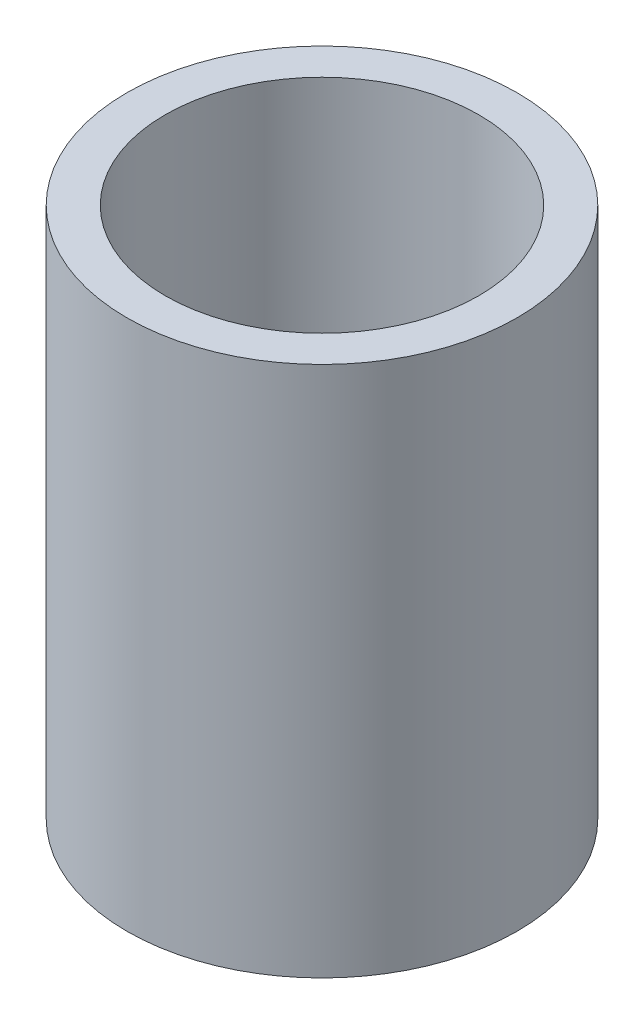
SolidWorks part; units mm, degrees
material "6061-T6 (SS)"
ref_plane "Front Plane" through (0, 0, 0) normal (0, 0, 1) x (1, 0, 0)
ref_plane "Top Plane" through (0, 0, 0) normal (0, 1, 0) x (1, 0, 0)
ref_plane "Right Plane" through (0, 0, 0) normal (1, 0, 0) x (0, 0, -1)
sketch "Sketch1" plane through (0, 0, 0) normal (0, 1, 0) x (1, 0, 0)
  circle A0 centre (0, 0) radius 5.1054
  circle A1 centre (0, 0) radius 6.35
  dimension "D1" = 10.2108
  dimension "D2" = 12.7
extrude "Boss-Extrude1" add sketch "Sketch1" along normal blind 17.3

********************

What the task requires – Which lines above carry the string "circle"? Copy those lines.

Written solution –
  circle A0 centre (0, 0) radius 5.1054
  circle A1 centre (0, 0) radius 6.35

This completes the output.